Intelligent behavior can be achieved by using explicit symbols and rules to process and manipulate information.

Focuses on the representation and manipulation of knowledge and symbols to simulate human-like reasoning and problem-solving.

  • Symbolic representation: In Symbolic AI, knowledge is represented using symbols, which can be thought of as abstract representations of objects, concepts, relationships, or facts. These symbols can be organized into structures such as logic-based languages, ontologies, or semantic networks to capture complex relationships and hierarchies.
  • Symbolic reasoning: Symbolic AI systems perform reasoning by manipulating symbols and applying logical rules to draw inferences, make decisions, and solve problems. This form of reasoning is often based on formal logic, where propositions and rules are expressed using logical formulas and can be combined and evaluated to derive new conclusions.
  • Knowledge representation and inference: Symbolic AI emphasizes the development of formal languages and frameworks for knowledge representation and inference. These languages allow the encoding of domain-specific knowledge and facilitate the application of logical reasoning techniques to derive new knowledge or answers to queries.
  • Expert systems: Expert systems are a prominent application of Symbolic AI. These systems emulate the expertise of human specialists in specific domains by representing their knowledge as rules and using inference mechanisms to provide advice, make diagnoses, or solve complex problems.
  • Limitations and challenges: Symbolic AI has faced challenges in handling uncertainty, ambiguity, and the complexity of real-world problems. The reliance on explicit symbols and rules can make it difficult to represent and reason about uncertain or incomplete information. Additionally, the scalability and computational efficiency of symbolic systems can be limitations when dealing with large-scale, data-intensive tasks.

GOFAI stands for "Good Old-Fashioned Artificial Intelligence". It's a classical symbolic approach to AI that views the brain as a machine for processing symbols. GOFAI is also known as "symbolicism" because it attempts to describe intelligence in symbolic terms. GOFAI was born out of the Dartmouth conference in 1956. It was characterized by a nearly exclusive focus on symbolic reasoning and logic. The fundamental underlying issue with GOFAI is the relative cost of optimization power. GOFAI is different from other approaches to AI, such as neural networks, situated robotics, narrow symbolic AI, or neuro-symbolic AI.

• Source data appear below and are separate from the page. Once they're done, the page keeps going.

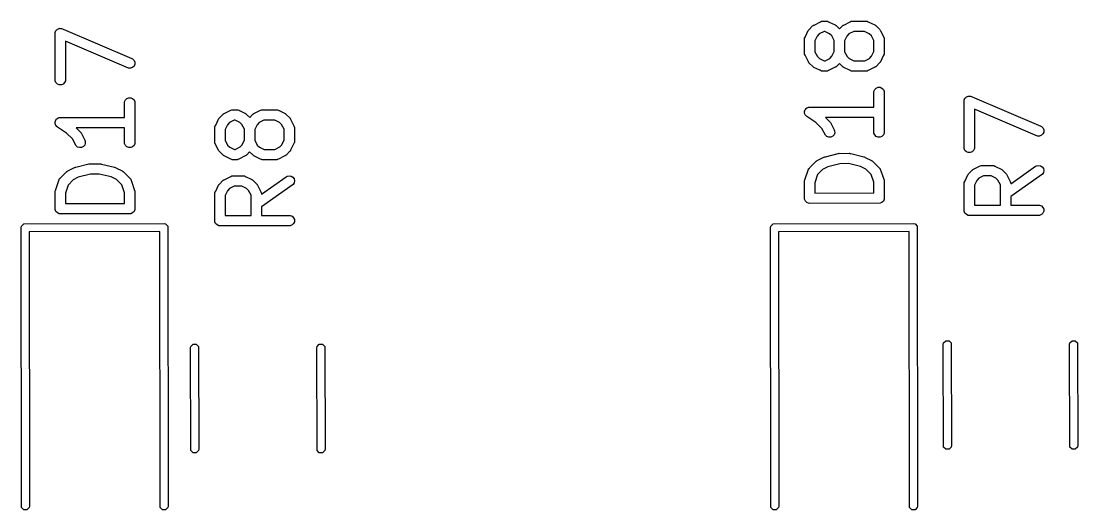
# Model space of a CAD drawing. Extents: x 37 to 347, y -147 to -34.
# Drawn here: x 316.61 to 331.84, y -115.29 to -108.25 of the extents above; entities that cross this region are included whole.
import ezdxf

# ---------------------------------------------------------------- set-up
doc = ezdxf.new("R2010")
doc.units = 0
doc.layers.add('BLACK', color=7, linetype='CONTINUOUS')

msp = doc.modelspace()

# ---------------------------------------------------------------- linework, layer by layer
at = {"layer": 'BLACK', "linetype": 'CONTINUOUS'}
for p, q in [((328.039531, -108.307761), (328.134086, -108.25907)), ((328.134086, -108.25907), (328.147817, -108.253815)), ((328.147817, -108.253815), (328.150506, -108.253623)), ((328.150506, -108.253623), (328.152995, -108.252593)), ((328.152995, -108.252593), (328.170824, -108.25218)), ((328.170824, -108.25218), (328.177007, -108.251741)), ((328.177007, -108.251741), (328.177837, -108.252017)), ((328.177837, -108.252017), (328.215246, -108.251152)), ((328.215246, -108.251152), (328.229878, -108.252593)), ((328.229878, -108.252593), (328.232367, -108.253624)), ((328.232367, -108.253624), (328.235055, -108.253815)), ((328.235055, -108.253815), (328.248048, -108.260119)), ((328.248048, -108.260119), (328.256914, -108.263792)), ((328.256914, -108.263792), (328.258136, -108.265014)), ((328.258136, -108.265014), (328.344025, -108.306689)), ((328.468102, -108.307761), (328.562657, -108.25907)), ((328.562657, -108.25907), (328.576388, -108.253815)), ((328.576388, -108.253815), (328.579077, -108.253623)), ((328.579077, -108.253623), (328.581566, -108.252593)), ((328.581566, -108.252593), (328.594905, -108.252499)), ((328.594905, -108.252499), (328.605578, -108.251741)), ((328.605578, -108.251741), (328.607585, -108.25241)), ((328.607585, -108.25241), (328.786674, -108.251152)), ((328.786674, -108.251152), (328.801306, -108.252593)), ((328.801306, -108.252593), (328.803795, -108.253624)), ((328.803795, -108.253624), (328.806483, -108.253815)), ((328.806483, -108.253815), (328.819476, -108.260119)), ((328.819476, -108.260119), (328.828342, -108.263792)), ((328.828342, -108.263792), (328.829564, -108.265014)), ((328.829564, -108.265014), (328.915453, -108.306689)), ((317.102151, -108.428533), (317.103592, -108.413901)), ((317.103592, -109.109831), (317.102151, -108.428533)), ((317.103592, -108.413901), (317.10377, -108.41347)), ((317.10377, -108.41347), (317.103776, -108.413006)), ((317.103776, -108.413006), (317.109364, -108.399965)), ((317.109364, -108.399965), (317.114791, -108.386865)), ((317.114791, -108.386865), (317.115119, -108.386536)), ((317.115119, -108.386536), (317.115303, -108.386108)), ((317.115303, -108.386108), (317.125463, -108.376192)), ((317.125463, -108.376192), (317.135483, -108.366173)), ((317.135483, -108.366173), (317.135913, -108.365994)), ((317.135913, -108.365994), (317.136247, -108.365669)), ((317.136247, -108.365669), (317.149429, -108.360395)), ((317.149429, -108.360395), (317.162519, -108.354974)), ((317.162519, -108.354974), (317.162985, -108.354974)), ((317.162985, -108.354974), (317.163417, -108.354801)), ((317.163417, -108.354801), (317.177597, -108.354974)), ((317.177597, -108.354974), (317.191783, -108.354974)), ((317.191783, -108.354974), (317.192213, -108.355152)), ((317.192213, -108.355152), (317.192678, -108.355158)), ((317.192678, -108.355158), (317.207267, -108.361388)), ((317.207267, -108.361388), (317.218819, -108.366173)), ((317.218819, -108.366173), (317.219077, -108.366431)), ((317.219077, -108.366431), (318.206695, -108.788168)), ((327.916013, -108.473737), (327.957688, -108.387849)), ((327.957688, -108.387849), (327.961652, -108.381549)), ((327.961652, -108.381549), (327.96241, -108.379722)), ((327.96241, -108.379722), (327.96354, -108.378551)), ((327.96354, -108.378551), (327.96552, -108.375406)), ((327.96552, -108.375406), (327.972014, -108.369773)), ((327.972014, -108.369773), (328.019356, -108.320738)), ((328.019356, -108.320738), (328.025105, -108.316019)), ((328.025105, -108.316019), (328.026405, -108.314521)), ((328.026405, -108.314521), (328.027818, -108.313793)), ((328.027818, -108.313793), (328.030721, -108.311411)), ((328.030721, -108.311411), (328.039531, -108.307761)), ((328.114447, -108.436466), (328.084203, -108.467793)), ((328.18375, -108.400778), (328.114447, -108.436466)), ((328.196639, -108.40048), (328.18375, -108.400778)), ((328.26408, -108.433204), (328.196639, -108.40048)), ((328.295407, -108.463448), (328.26408, -108.433204)), ((328.344025, -108.306689), (328.350324, -108.310653)), ((328.350324, -108.310653), (328.352152, -108.311411)), ((328.352152, -108.311411), (328.353322, -108.312541)), ((328.353322, -108.312541), (328.356468, -108.314521)), ((328.356468, -108.314521), (328.3621, -108.321015)), ((328.3621, -108.321015), (328.406383, -108.363768)), ((328.406383, -108.363768), (328.447927, -108.320738)), ((328.447927, -108.320738), (328.453676, -108.316019)), ((328.453676, -108.316019), (328.454976, -108.314521)), ((328.454976, -108.314521), (328.456389, -108.313793)), ((328.456389, -108.313793), (328.459292, -108.311411)), ((328.459292, -108.311411), (328.468102, -108.307761)), ((328.543018, -108.436466), (328.512774, -108.467793)), ((328.611809, -108.401042), (328.543018, -108.436466)), ((328.766978, -108.399952), (328.611809, -108.401042)), ((328.835508, -108.433204), (328.766978, -108.399952)), ((328.866836, -108.463449), (328.835508, -108.433204)), ((328.915453, -108.306689), (328.921749, -108.310652)), ((328.921749, -108.310652), (328.923579, -108.31141)), ((328.923579, -108.31141), (328.92475, -108.312541)), ((328.92475, -108.312541), (328.927896, -108.314521)), ((328.927896, -108.314521), (328.933527, -108.321014)), ((328.933527, -108.321014), (328.982564, -108.368356)), ((328.982564, -108.368356), (328.987282, -108.374105)), ((328.987282, -108.374105), (328.988782, -108.375406)), ((328.988782, -108.375406), (328.989509, -108.376819)), ((328.989509, -108.376819), (328.991892, -108.379722)), ((328.991892, -108.379722), (328.995541, -108.388532)), ((328.995541, -108.388532), (329.044233, -108.483087)), ((318.161623, -108.930479), (317.25098, -108.541611)), ((317.25098, -108.541611), (317.252151, -109.095199)), ((327.902151, -108.516628), (327.903592, -108.501996)), ((327.903409, -108.695715), (327.902151, -108.516628)), ((327.903592, -108.501996), (327.904623, -108.499506)), ((327.904623, -108.499506), (327.904814, -108.496819)), ((327.904814, -108.496819), (327.911118, -108.483825)), ((327.911118, -108.483825), (327.914791, -108.47496)), ((327.914791, -108.47496), (327.916013, -108.473737)), ((328.084203, -108.467793), (328.050951, -108.536323)), ((328.050951, -108.536323), (328.052041, -108.691492)), ((328.330831, -108.532239), (328.295407, -108.463448)), ((328.331921, -108.687408), (328.330831, -108.532239)), ((328.512774, -108.467793), (328.479522, -108.536323)), ((328.479522, -108.536323), (328.480612, -108.691492)), ((328.90226, -108.532239), (328.866836, -108.463449)), ((328.90335, -108.687408), (328.90226, -108.532239)), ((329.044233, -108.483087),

Symbolic Artificial Intelligence provides a powerful framework for knowledge representation, logical reasoning, and problem-solving. While it has its limitations, Symbolic AI has contributed significantly to fields such as expert systems, natural language processing, and automated reasoning. By combining symbolic approaches with other AI techniques, such as machine learning, researchers aim to create more comprehensive and robust AI systems that can handle the complexity and uncertainty of real-world problems.